Section 1: Concept When trying to rendezvous with another object in orbit, the required orbit changes can often be simplified by splitting them into two separate phases: a plane change that rotates the plane of the current orbit and then aligning it with the orbital plane of the target orbit. The second phase in rendezvous with another space craft or space station are synchronization operations that only require the application of thrust in the plane of the orbit. To rotate the plane of the orbit requires that the thrust be applied at the precise time perpendicular to your orbit and at the intersection of where the two orbital planes meet, Figure 1a and 1b.
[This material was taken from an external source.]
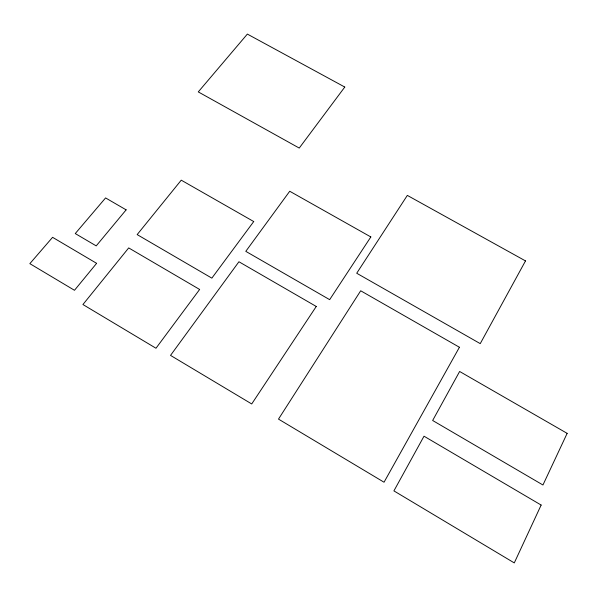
<?xml version="1.0" encoding="UTF-8"?>
<svg xmlns="http://www.w3.org/2000/svg" width="597" height="597" viewBox="0 0 597 597"><rect width="100%" height="100%" fill="white"/><g stroke="black" fill="none" stroke-linecap="round" stroke-linejoin="round"><path stroke-width="0.9" d="M541.143 505.055L514.278 562.911L393.908 490.883L424.012 436.198L541.143 505.055M567.15 433.355L542.949 484.995L432.653 420.489L459.63 371.476L567.15 433.355M525.502 260.911L480.242 343.633L356.715 273.239L407.333 195.398L525.502 260.911M459.429 347.26L384.043 482.227L278.493 419.109L360.692 290.776L459.429 347.26M370.834 236.949L329.663 299.657L245.785 251.344L289.724 191.249L370.834 236.949M316.261 306.462L251.718 403.953L170.526 355.394L238.927 261.755L316.261 306.462M253.732 221.547L211.853 278.135L137.161 234.599L181.249 180.167L253.732 221.547M199.637 289.455L155.981 348.245L82.931 304.53L128.698 247.912L199.637 289.455M344.782 87.05L299.239 148.071L198.271 91.908L247.359 34.089L344.782 87.05M96.61 263.329L74.483 290.291L29.85 263.65L52.588 237.322L96.61 263.329M126.139 209.853L96.214 245.889L75.259 233.561L105.579 197.928L126.139 209.853"/></g></svg>

Once you are in the same plane as your target, most of the following navigational problems become essentially two-dimensional, which makes orbital maneuvers more robust and a lot easier to compute. In terms of the orbital elements, aligning the plane of the orbit with a target plane means to match the three Orbital Elements which define the orientation of the orbit in space: inclination (i) , eccentricity (Ecc), and longitude of the ascending node (W or LAN) (See Figure 1a and 1b). The rotation of the orbital plane requires the application of thrust perpendicular to the orbital plane, or out of plane thrust. To match the plane with a target plane, thrust should be applied normal to the current plane, at one of the nodes (the points where the orbit crosses the intersection of the current and target planes). This will rotate the orbital plane around an axis defined by your current radius vector. The amount of normal Delta v required to rotate plane is determined by angle between two planes and is proportional to the orbital velocity v. It is therefore more fuel-efficient to perform the plane change where orbital v is small, close to aphelion. For a given line of nodes, it is more efficient to perform the plane change at the node closer to aphelion. Sometimes it may even be useful to make the orbit more eccentric prior to the plane change maneuver, so that the radius distance of one of the nodes is increased. If the angle between the initial and target orbital plane is large it may be necessary to adjust the orientation of the spacecraft during the maneuver to keep it normal to the orbital plane. It may not be possible to align the plane in a single node crossing. It may take several orbits to change the orbital plane. If the angle towards the target plane cannot be reduced further by accelerating normal to the current orbit, cut the engines and wait for the next node crossing. Section 2: Instrument Setup The Align orbital plane MFD mode is designed to aid in plane alignment, Figure 2a and 2b. Select the target object Figure 2c. in this case the International Space Station. The HUD should be in Orbit mode. On the Map Mode of the MFD Select the TGT to be the ISS this will aid in determining when you are at one of the nodes.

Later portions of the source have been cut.